Es importante resaltar, que en la actualidad nadie pone en duda que el componente más importante en la determinación de la calidad de los resultados educativos, es la calidad del docente. Dicha calidad, no obstante, no se representa solamente a la seguridad de sus conocimientos disciplinarios y pedagógicos, ni a lo apropiado de sus habilidades propiamente didácticas.

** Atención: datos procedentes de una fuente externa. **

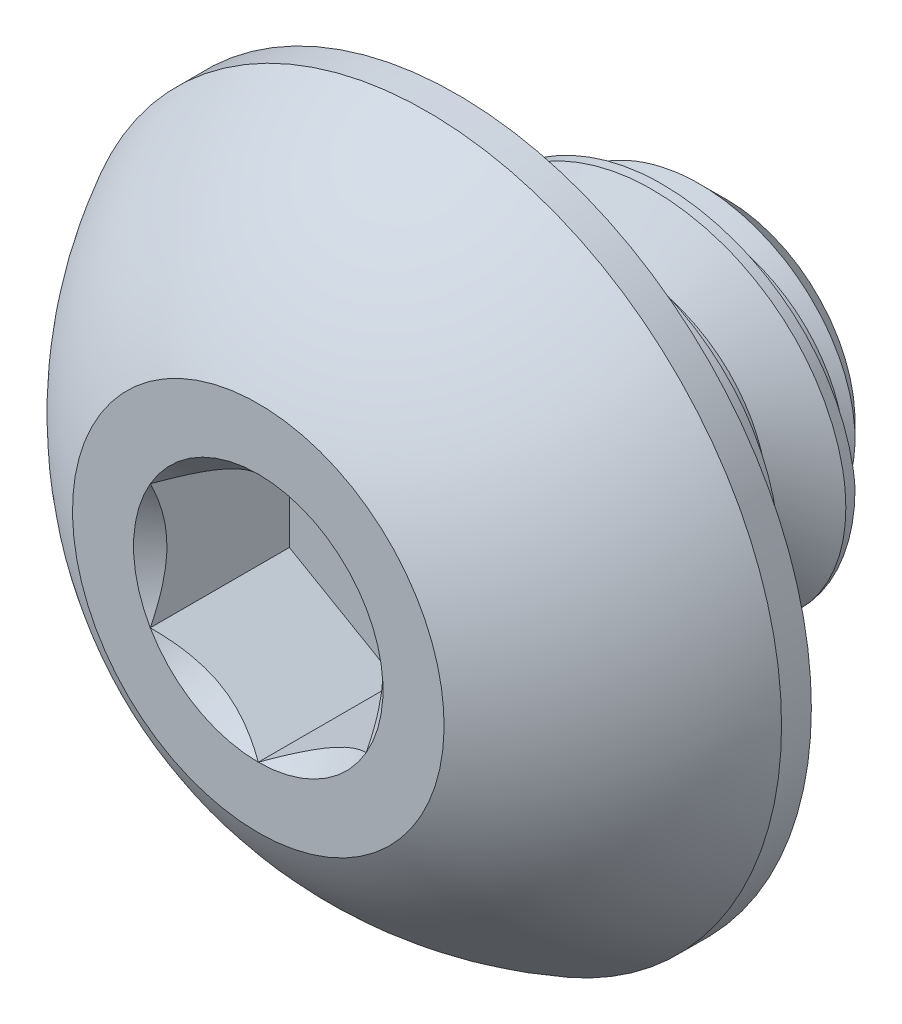
SolidWorks part; units mm, degrees
ref_plane "Front" through (0, 0, 0) normal (0, 0, 1) x (1, 0, 0)
ref_plane "Top" through (0, 0, 0) normal (0, 1, 0) x (1, 0, 0)
ref_plane "Right" through (0, 0, 0) normal (1, 0, 0) x (0, 0, -1)
sketch "Sketch1" plane through (0, 0, 0) normal (1, 0, 0) x (0, 0, -1)
  line L2 (1.1684, 1.0922) -> (2.7559, 1.0922)
  line L3 (2.7559, 1.0922) -> (2.7559, 0)
  line L4 (2.7559, 0) -> (1.1684, 0)
  line L6 (0.9931, 2.0828) -> (1.1684, 2.0828) construction
  line L7 (2.7559, 1.0922) -> (2.7559, -1.0922) construction
  line L8 (0, 0) -> (1.1684, 0) construction
  line L9 (1.1684, 2.0828) -> (1.1684, -2.0828) construction
  line L11 (1.1684, 1.0922) -> (1.1684, 0)
  line L13 (0, 0.635) -> (0, -0.635) construction
  line L14 (0, 0.635) -> (0, 1.0922) construction
  arc A3 (0, 1.0922) -> (0.9931, 2.0828) centre (2.08, 0) cw construction
  dimension "D1" = 0.1753
  dimension "Head Ht" = 1.1684
  dimension "Head Dia" = 4.1656
  dimension "Dia" = 2.1844
  dimension "Lg" = 1.5875
  dimension "Hex" = 1.27
revolve "Revolve1" add sketch "Sketch1" angle 360 mid plane about L4
sketch "Sketch3" plane through (0, 0, -2.7559) normal (0, 0, -1) x (-1, 0, 0)
  circle A0 centre (0, 0) radius 1.0922
curve "Helix/Spiral1" pitch 0.4536 height 2.0411 radius 1.0922 centre (0, 0, -2.7559) axis (0, 0, 1) start towards (0, 1, 0)
sketch "Sketch2" plane through (0, 0, 0) normal (1, 0, 0) x (0, 0, -1)
  line L0 (2.7559, 1.0922) -> (3.1528, 1.0922)
  line L1 (3.1528, 1.0922) -> (2.9827, 0.7976)
  line L2 (2.9827, 0.7976) -> (2.926, 0.7976)
  line L3 (2.926, 0.7976) -> (2.7559, 1.0922)
  line L4 (2.8409, 0.9449) -> (3.0677, 0.9449) construction
  dimension "D1" = 60
  dimension "D2" = 0.0567
  dimension "D3" = 0.2268
chamfer "Chamfer1" distance 0.3402 angle 45 1 edges at (0, 1.0922, -2.7559)
sweep "Cut-Sweep1" cut profiles "Sketch2" path "Helix/Spiral1"
sketch "Sketch7" plane through (0, 0, 0) normal (1, 0, 0) x (0, 0, -1)
  line L6 (0.9931, 2.0828) -> (1.1684, 2.0828) construction
  line L8 (0, 0) -> (1.1684, 0) construction
  line L11 (1.1684, 2.0828) -> (1.1684, -2.0828) construction
  line L12 (0.9931, 2.0828) -> (1.1684, 2.0828)
  line L13 (0, 0) -> (1.1684, 0)
  line L14 (0, 0.635) -> (0, -0.635) construction
  line L15 (1.1684, 2.0828) -> (1.1684, 0)
  line L16 (0, 1.0922) -> (0, 0)
  arc A2 (0.9931, 2.0828) -> (0, 1.0922) centre (2.08, 0) ccw construction
  arc A3 (0.9931, 2.0828) -> (0, 1.0922) centre (2.08, 0) ccw
revolve "Revolve2" add sketch "Sketch7" angle 360 mid plane about L13
sketch "Sketch5" plane through (0, 0, 0) normal (0, 0, 1) x (1, 0, 0)
  line L1 (0.635, -0.3666) -> (0.635, 0.3666)
  line L2 (0.635, 0.3666) -> (0, 0.7332)
  line L3 (0, 0.7332) -> (-0.635, 0.3666)
  line L4 (-0.635, 0.3666) -> (-0.635, -0.3666)
  line L5 (-0.635, -0.3666) -> (0, -0.7332)
  line L6 (0, -0.7332) -> (0.635, -0.3666)
  circle A0 centre (0, 0) radius 0.635 construction
extrude "Cut-Extrude2" cut sketch "Sketch5" against normal blind 0.8179
sketch "Sketch6" plane through (0, 0, 0) normal (0, 0, 1) x (1, 0, 0)
  circle A0 centre (0, 0) radius 0.7332
extrude "Cut-Extrude3" cut sketch "Sketch6" against normal blind 0.8179 draft 45
sketch "Sketch9" [suppressed] plane through (0, 0, -4.2164) normal (0, 0, 1) x (1, 0, 0)
  circle A2 centre (0, 0) radius 3.9687
extrude "Boss-Extrude2" [suppressed] add sketch "Sketch9" against normal offset from surface (9.525 mm away) 28.575 up to face at (0, 0.752, -2.7559)
sketch "Sketch10" plane through (0, 0, 0) normal (1, 0, 0) x (0, 0, -1)
  line L0 (2.7559, 1.0922) -> (2.7559, -1.0922) construction
  point P0 (2.0755, -1.0922)
  dimension "D1" = 0.6804
equation "\"D3@Helix/Spiral1\" = \"Lg@Sketch1\" + \"D4@Helix/Spiral1\""
equation "\"D2@Sketch2\" = \"D4@Helix/Spiral1\" * .125"
equation "\"D3@Sketch2\" = \"D4@Helix/Spiral1\" * .5"
equation "\"D1@Chamfer1\" = \"D4@Helix/Spiral1\" * .75"
equation "\"D1@Cut-Extrude2\" = \"Head Ht@Sketch1\" * .7"
equation "\"D1@Sketch1\" = \"Head Ht@Sketch1\" * .15"
equation "\"D1@Sketch10\" = \"D4@Helix/Spiral1\" * 1.5"
equation "\"D1@Cut-Extrude3\" = \"D1@Cut-Extrude2\""
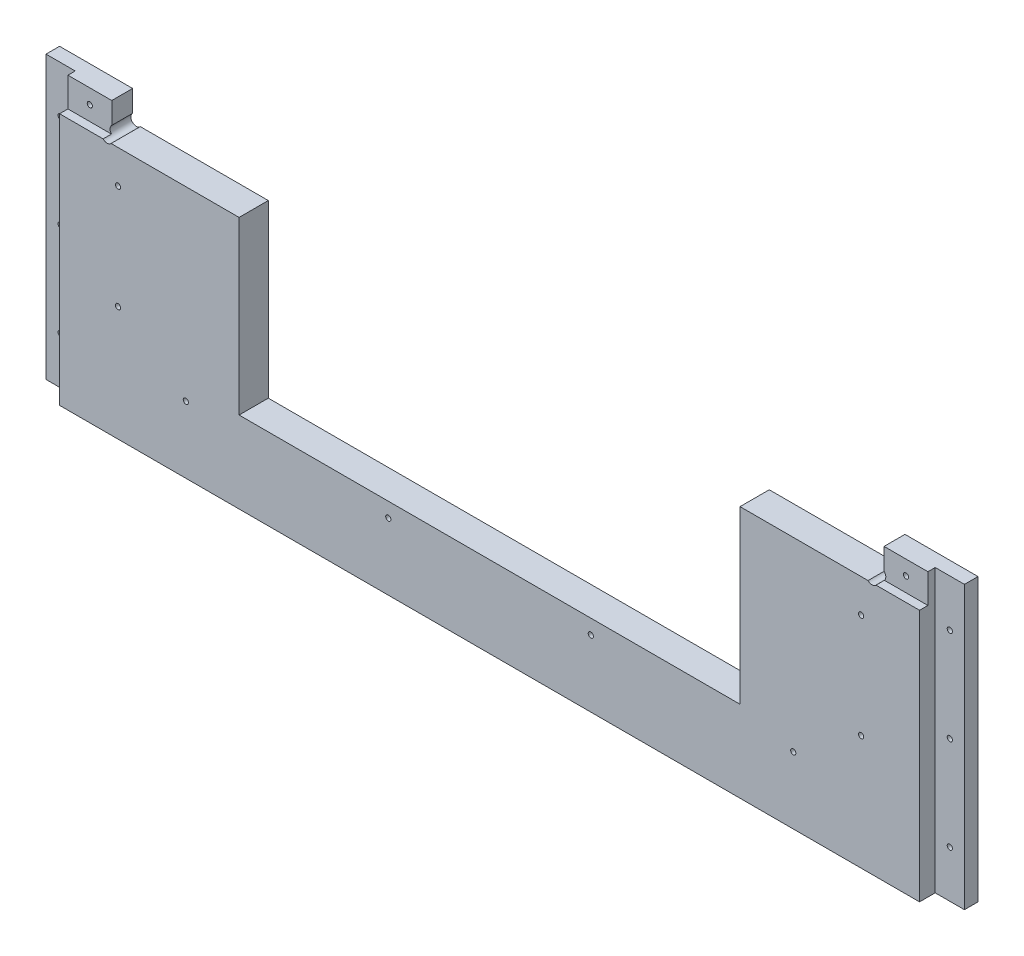
SolidWorks part; units mm, degrees
material "Pine"
ref_plane "Front Plane" through (0, 0, 0) normal (0, 0, 1) x (1, 0, 0)
ref_plane "Top Plane" through (0, 0, 0) normal (0, 1, 0) x (1, 0, 0)
ref_plane "Right Plane" through (0, 0, 0) normal (1, 0, 0) x (0, 0, -1)
sketch "Sketch1" plane through (0, 0, 0) normal (0, 0, 1) x (1, 0, 0)
  line L0 (8932.6508, -5243.5125) -> (10226.1458, -5243.5125)
  line L1 (9086.3208, -4722.0918) -> (10222.9708, -4853.7812)
  line L2 (8914.8708, -6342.0625) -> (10197.5708, -6342.0625)
  line L3 (8914.8708, -5808.6625) -> (10197.5708, -5808.6625)
  line L4 (8919.6333, -5253.0375) -> (10218.2083, -5253.0375)
  line L5 (9134.2633, -4656.1375) -> (9134.2633, -4638.3575)
  line L6 (9091.0833, -4638.3575) -> (9134.2633, -4638.3575)
  line L7 (9091.0833, -4567.2375) -> (9091.0833, -4638.3575)
  line L8 (9134.2633, -4656.1375) -> (9581.3033, -4656.1375)
  line L9 (9091.0833, -4567.2375) -> (9624.4833, -4567.2375)
  line L10 (9581.3033, -4656.1375) -> (9581.3033, -4638.3575)
  line L11 (9581.3033, -4638.3575) -> (9624.4833, -4638.3575)
  line L12 (9624.4833, -4567.2375) -> (9624.4833, -4638.3575)
  line L13 (8932.6508, -5225.7325) -> (9344.9775, -5225.7325)
  line L14 (8932.6508, -5256.2125) -> (8932.6508, -5243.5125)
  line L15 (8911.6958, -5256.2125) -> (8932.6508, -5256.2125)
  line L16 (8914.8708, -4722.0918) -> (9086.3208, -4722.0918)
  line L17 (8911.6958, -4715.5913) -> (8932.6508, -4715.5913)
  line L18 (8914.8708, -6342.0625) -> (8914.8708, -5808.6625)
  line L19 (12082.9917, -4722.0918) -> (10946.3417, -4853.7812)
  line L20 (12236.6617, -5243.5125) -> (10943.1667, -5243.5125)
  line L21 (10951.1042, -5253.0375) -> (12249.6792, -5253.0375)
  line L22 (10838.3917, -5656.2625) -> (11308.2917, -5656.2625)
  line L23 (10838.3917, -5719.7625) -> (11308.2917, -5719.7625)
  line L24 (10838.3917, -5742.5368) -> (11308.2917, -5742.5368)
  line L25 (10806.6417, -6342.0625) -> (11340.0417, -6342.0625)
  line L26 (10803.4667, -6335.7125) -> (11343.2167, -6335.7125)
  line L27 (10803.4667, -6317.9325) -> (11343.2167, -6317.9325)
  line L28 (10943.1667, -5225.7325) -> (11376.4483, -5225.7325)
  line L29 (11506.7292, -4754.5625) -> (10806.6417, -4827.5875)
  line L30 (11506.7292, -4567.2375) -> (11506.7292, -4754.5625)
  line L31 (10806.6417, -4567.2375) -> (10806.6417, -4827.5875)
  line L32 (10806.6417, -4567.2375) -> (11506.7292, -4567.2375)
  line L33 (10235.6708, -6329.3625) -> (10245.1958, -6329.3625)
  line L34 (10245.1958, -6329.3625) -> (10254.7208, -6278.5625)
  line L35 (10302.3458, -6329.3625) -> (10311.8708, -6278.5625)
  line L36 (10302.3458, -6329.3625) -> (10292.8208, -6329.3625)
  line L37 (10245.1958, -5821.3625) -> (10254.7208, -5872.1625)
  line L38 (10235.6708, -5821.3625) -> (10245.1958, -5821.3625)
  line L39 (10292.8208, -5821.3625) -> (10302.3458, -5821.3625)
  line L40 (10302.3458, -5821.3625) -> (10311.8708, -5872.1625)
  line L41 (10235.6708, -5821.3625) -> (10235.6708, -6329.3625)
  line L42 (10254.7208, -5872.1625) -> (10254.7208, -6278.5625)
  line L43 (10311.8708, -5872.1625) -> (10311.8708, -6278.5625)
  line L44 (10292.8208, -5821.3625) -> (10292.8208, -6329.3625)
  line L45 (8932.6508, -5225.7325) -> (8932.6508, -4715.5913)
  line L46 (8911.6958, -4715.5913) -> (8911.6958, -5256.2125)
  line L47 (8914.8708, -5248.275) -> (8914.8708, -4722.0918)
  line L48 (8919.6333, -5253.0375) -> (8914.8708, -5248.275)
  line L49 (8914.8708, -5145.0875) -> (8937.426, -5145.0875)
  line L50 (8914.8708, -5202.2375) -> (8937.426, -5202.2375)
  line L51 (10838.3917, -5656.2625) -> (10838.3917, -5719.7625)
  line L52 (10832.0417, -5736.1868) -> (10856.1717, -5736.1868)
  line L53 (10806.6417, -6342.0625) -> (10806.6417, -5818.7368)
  line L54 (10832.0417, -5649.9125) -> (10856.1717, -5649.9125)
  line L55 (10832.0417, -5726.1125) -> (10856.1717, -5726.1125)
  line L56 (10806.6417, -5818.7368) -> (10833.9015, -5818.7368)
  line L57 (10832.0417, -5806.0442) -> (10851.6815, -5806.0442)
  line L58 (10856.1717, -5801.5541) -> (10856.1717, -5736.1868)
  line L59 (10838.3917, -5814.2467) -> (10838.3917, -5742.5368)
  line L60 (10832.0417, -5806.0442) -> (10832.0417, -5736.1868)
  line L61 (10803.4667, -6317.9325) -> (10803.4667, -6335.7125)
  line L62 (10197.5708, -5808.6625) -> (10197.5708, -6342.0625)
  line L63 (9762.3842, -6348.4125) -> (9762.3842, -5802.3125)
  line L64 (9780.1642, -6348.4125) -> (9762.3842, -6348.4125)
  line L65 (9780.1642, -5802.3125) -> (9780.1642, -6348.4125)
  line L66 (9762.3842, -5802.3125) -> (9780.1642, -5802.3125)
  line L67 (9332.2775, -6348.4125) -> (9332.2775, -5802.3125)
  line L68 (9332.2775, -6348.4125) -> (9350.0575, -6348.4125)
  line L69 (9350.0575, -5802.3125) -> (9350.0575, -6348.4125)
  line L70 (9332.2775, -5802.3125) -> (9350.0575, -5802.3125)
  line L71 (9993.8374, -6061.075) -> (9993.8374, -6045.2418)
  line L72 (9998.5999, -6065.8375) -> (10014.4331, -6065.8375)
  line L73 (9998.5999, -6084.8875) -> (10014.4331, -6084.8875)
  line L74 (9993.8374, -6105.4832) -> (9993.8374, -6089.65)
  line L75 (9974.7874, -6105.4832) -> (9974.7874, -6089.65)
  line L76 (9954.1917, -6084.8875) -> (9970.0249, -6084.8875)
  line L77 (9974.7874, -6061.075) -> (9974.7874, -6045.2418)
  line L78 (9954.1917, -6065.8375) -> (9970.0249, -6065.8375)
  line L79 (10793.9417, -6237.2875) -> (10816.4969, -6237.2875)
  line L80 (10793.9417, -6294.4375) -> (10816.4969, -6294.4375)
  line L81 (10856.1717, -5649.9125) -> (10856.1717, -5726.1125)
  line L82 (10832.0417, -5726.1125) -> (10832.0417, -5649.9125)
  line L83 (10226.1458, -5225.7325) -> (10226.1458, -5243.5125)
  line L84 (10205.1908, -5257.8) -> (10205.1908, -4844.2499)
  line L85 (10230.9083, -4844.2499) -> (10230.9083, -5257.8)
  line L86 (10205.1908, -5257.8) -> (10230.9083, -5257.8)
  line L87 (10205.1908, -4844.2499) -> (10230.9083, -4844.2499)
  line L88 (10946.3417, -5176.8375) -> (10968.8969, -5176.8375)
  line L89 (9349.4676, -5141.9125) -> (9358.2674, -5141.9125)
  line L90 (10946.3417, -5119.6875) -> (10968.8969, -5119.6875)
  line L91 (9929.011, -4660.9635) -> (10066.0807, -4660.9635)
  line L92 (9929.011, -4678.7435) -> (10066.0807, -4678.7435)
  line L93 (10943.1667, -5225.7325) -> (10943.1667, -5243.5125)
  line L94 (10946.3417, -5248.275) -> (10951.1042, -5253.0375)
  line L95 (10946.3417, -5257.8063) -> (10946.3417, -4849.0188)
  line L96 (10964.1217, -5257.8) -> (10964.1217, -4844.2499)
  line L97 (10938.4042, -4844.2499) -> (10938.4042, -5257.8)
  line L98 (10938.4042, -5257.8) -> (10964.1217, -5257.8)
  line L99 (10964.1217, -4844.2499) -> (10938.4042, -4844.2499)
  line L100 (10344.8908, -4560.8875) -> (10369.0208, -4560.8875)
  line L101 (10344.8908, -4560.8875) -> (10369.0208, -4560.8875)
  line L102 (10800.2917, -4560.8875) -> (10824.4217, -4560.8875)
  line L103 (10200.4156, -5119.6875) -> (10222.9708, -5119.6875)
  line L104 (10200.4156, -5176.8375) -> (10222.9708, -5176.8375)
  line L105 (9344.9775, -5146.4026) -> (9344.9775, -5225.7325)
  line L106 (10344.8908, -4560.8875) -> (10344.8908, -4833.9375)
  line L107 (9792.8642, -5225.7325) -> (9792.8642, -5146.4026)
  line L108 (9362.7575, -5225.7325) -> (9775.0842, -5225.7325)
  line L109 (9680.3633, -4761.8396) -> (9680.3633, -4559.9604)
  line L110 (9656.2333, -4559.9604) -> (9680.3633, -4559.9604)
  line L111 (9656.2333, -4761.8396) -> (9680.3633, -4761.8396)
  line L112 (9656.2333, -4761.8396) -> (9656.2333, -4559.9604)
  line L113 (9779.5743, -5141.9125) -> (9788.374, -5141.9125)
  line L114 (10070.5708, -4665.4536) -> (10070.5708, -4674.2534)
  line L115 (9924.5208, -4674.2534) -> (9924.5208, -4665.4536)
  line L116 (12127.4417, -6188.3925) -> (12205.5015, -6188.3925)
  line L117 (12209.9917, -6170.6125) -> (12209.9917, -6183.9024)
  line L118 (9792.8642, -5225.7325) -> (10226.1458, -5225.7325)
  line L119 (9662.5833, -4754.5625) -> (10362.6708, -4827.5875)
  line L120 (9662.5833, -4567.2375) -> (9662.5833, -4754.5625)
  line L121 (10362.6708, -4567.2375) -> (10362.6708, -4827.5875)
  line L122 (9662.5833, -4567.2375) -> (10362.6708, -4567.2375)
  line L123 (10824.4217, -4833.9375) -> (10800.2917, -4833.9375)
  line L124 (10800.2917, -4833.9375) -> (10800.2917, -4560.8875)
  line L125 (10824.4217, -4560.8875) -> (10824.4217, -4833.9375)
  line L126 (10344.8908, -4833.9375) -> (10369.0208, -4833.9375)
  line L127 (10369.0208, -4833.9375) -> (10369.0208, -4560.8875)
  line L128 (10222.9708, -5248.275) -> (10218.2083, -5253.0375)
  line L129 (10222.9708, -5257.8063) -> (10222.9708, -4849.0188)
  line L130 (11734.6544, -5701.375) -> (11739.2301, -5701.375)
  line L131 (9362.7575, -5225.7325) -> (9362.7575, -5146.4026)
  line L132 (9775.0842, -5146.4026) -> (9775.0842, -5225.7325)
  line L133 (11761.3864, -5701.375) -> (11756.8282, -5701.375)
  line L134 (11734.6544, -5693.755) -> (11739.2301, -5693.755)
  line L135 (11761.4039, -5693.755) -> (11756.8282, -5693.755)
  line L136 (11734.6544, -5701.375) -> (11739.2301, -5701.375)
  line L137 (11744.3462, -5721.3024) -> (11744.3462, -5706.4179)
  line L138 (11751.7122, -5721.3024) -> (11751.7122, -5706.4179)
  line L139 (11740.0917, -6170.6125) -> (11740.0917, -6183.9024)
  line L140 (11689.2917, -6188.3925) -> (11822.6417, -6188.3925)
  line L141 (11689.2917, -6348.4093) -> (11689.2917, -6164.2657)
  line L142 (11689.2917, -6164.2657) -> (11746.4417, -6164.2657)
  line L143 (11746.4417, -6164.2657) -> (11746.4417, -6188.3925)
  line L144 (11689.2917, -6164.2657) -> (11746.4417, -6164.2657)
  line L145 (11340.0417, -5818.7368) -> (11340.0417, -6342.0625)
  line L146 (11290.5117, -5726.1125) -> (11314.6417, -5726.1125)
  line L147 (11290.5117, -5649.9125) -> (11290.5117, -5726.1125)
  line L148 (11340.0417, -5818.7368) -> (11312.7818, -5818.7368)
  line L149 (11314.6417, -5806.0442) -> (11295.0018, -5806.0442)
  line L150 (11290.5117, -5801.5541) -> (11290.5117, -5736.1868)
  line L151 (11308.2917, -5814.2467) -> (11308.2917, -5742.5368)
  line L152 (11314.6417, -5806.0442) -> (11314.6417, -5736.1868)
  line L153 (11290.5117, -5736.1868) -> (11314.6417, -5736.1868)
  line L154 (11848.0417, -6267.1325) -> (11962.3417, -6267.1325)
  line L155 (11962.3417, -6267.1325) -> (11962.3417, -6203.6325)
  line L156 (11343.2167, -6317.9325) -> (11343.2167, -6335.7125)
  line L157 (11365.4417, -5656.2625) -> (11365.4417, -5719.7625)
  line L158 (11365.4417, -5656.2625) -> (11479.7417, -5656.2625)
  line L159 (11778.1917, -6071.3937) -> (11802.3217, -6071.3937)
  line L160 (11314.6417, -5726.1125) -> (11314.6417, -5649.9125)
  line L161 (11314.6417, -5649.9125) -> (11290.5117, -5649.9125)
  line L162 (11308.2917, -5719.7625) -> (11308.2917, -5656.2625)
  line L163 (11689.2917, -6348.4093) -> (11713.4217, -6348.4093)
  line L164 (12203.6417, -6164.2657) -> (12260.7917, -6164.2657)
  line L165 (11713.4217, -6348.4093) -> (11713.4217, -6164.2657)
  line L166 (11695.6417, -6342.0625) -> (11695.6417, -6170.6125)
  line L167 (11695.6417, -6048.5337) -> (11699.4517, -6052.3437)
  line L168 (11822.6417, -6292.5325) -> (11822.6417, -6188.3925)
  line L169 (11695.6417, -6342.0625) -> (11695.6417, -6170.6125)
  line L170 (11848.0417, -6203.6325) -> (11962.3417, -6203.6325)
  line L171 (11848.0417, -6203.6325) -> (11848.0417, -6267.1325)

Es, a la consideración, de una calidad integral, que hace referencia al docente como persona, y que incluye, los aspectos cognoscitivos, pero también, lo afectivo en diversos estudios, como actitudes hacia la docencia, hacia sus estudiantes, hacia la comunidad en que trabaja. Más aún, se trata de señalar que las exigencias que recientemente se vienen formulando socialmente sobre el sistema educativo, y que tienen que ver con la capacidad de dicho sistema de formar para la protección del medio ambiente, para la democracia, para los derechos humanos, para la paz y la comprensión internacional, en recapitulación, para fundar en valores exigen al docente una integridad humana: un claro esquema valoral y una gran congruencia entre lo que cree y cómo actúa. 

Sin embargo, que un excelente docente en una institución deficiente, pronto se verá frustrado, en sus intentos de logro de resultados de calidad. Esto es importante tomarlo en cuenta, pues determina también a la formación, en este caso de personal directivo, administrativo y técnico del sistema, de forma tal que gestión y enseñanza tengan la posibilidad efectiva de armonizar en el objetivo de elevar la calidad de los resultados educativos.
La realidad de los docentes en la actualidad, difiere mucho de estas características de calidad docente. Los estudios, sobre todo los que incluyen observación en aula, coinciden en señalar deficiencias en el dominio de la materia y prácticas pedagógicas mecánicas y de variedad limitada. Más grave aún, los estudios recientes muestran un proceso de pérdida de la valoración de la profesión docente como consecuencia del deterioro tanto de las condiciones de trabajo como del salario docente. Y esto trae como consecuencia una falta de satisfacción procedente del ejercicio del trabajo docente, y con ello, una continua sensación de descontento y frustración que afecta, quizás más que otras dificultades, la calidad de los resultados educativos alcanzados con los estudiantes.
A continuación, haremos mención a los 7 principios de la enseñanza de calidad:
  1. La estimulación del contacto entre docentes y estudiantes.
  2. El desarrolla la reciprocidad y la cooperación entre los estudiantes.
  3. La estimula el aprendizaje activo.
  4. El suministro de la retroalimentación a tiempo.
  5. Permite que los estudiantes dediquen más tiempo a las actividades principales para el aprendizaje.
  6. Cede a la comunicación de las expectativas elevadas a los estudiantes.
  7. Respeta los diversos talentos y formas de aprendizaje de los estudiantes.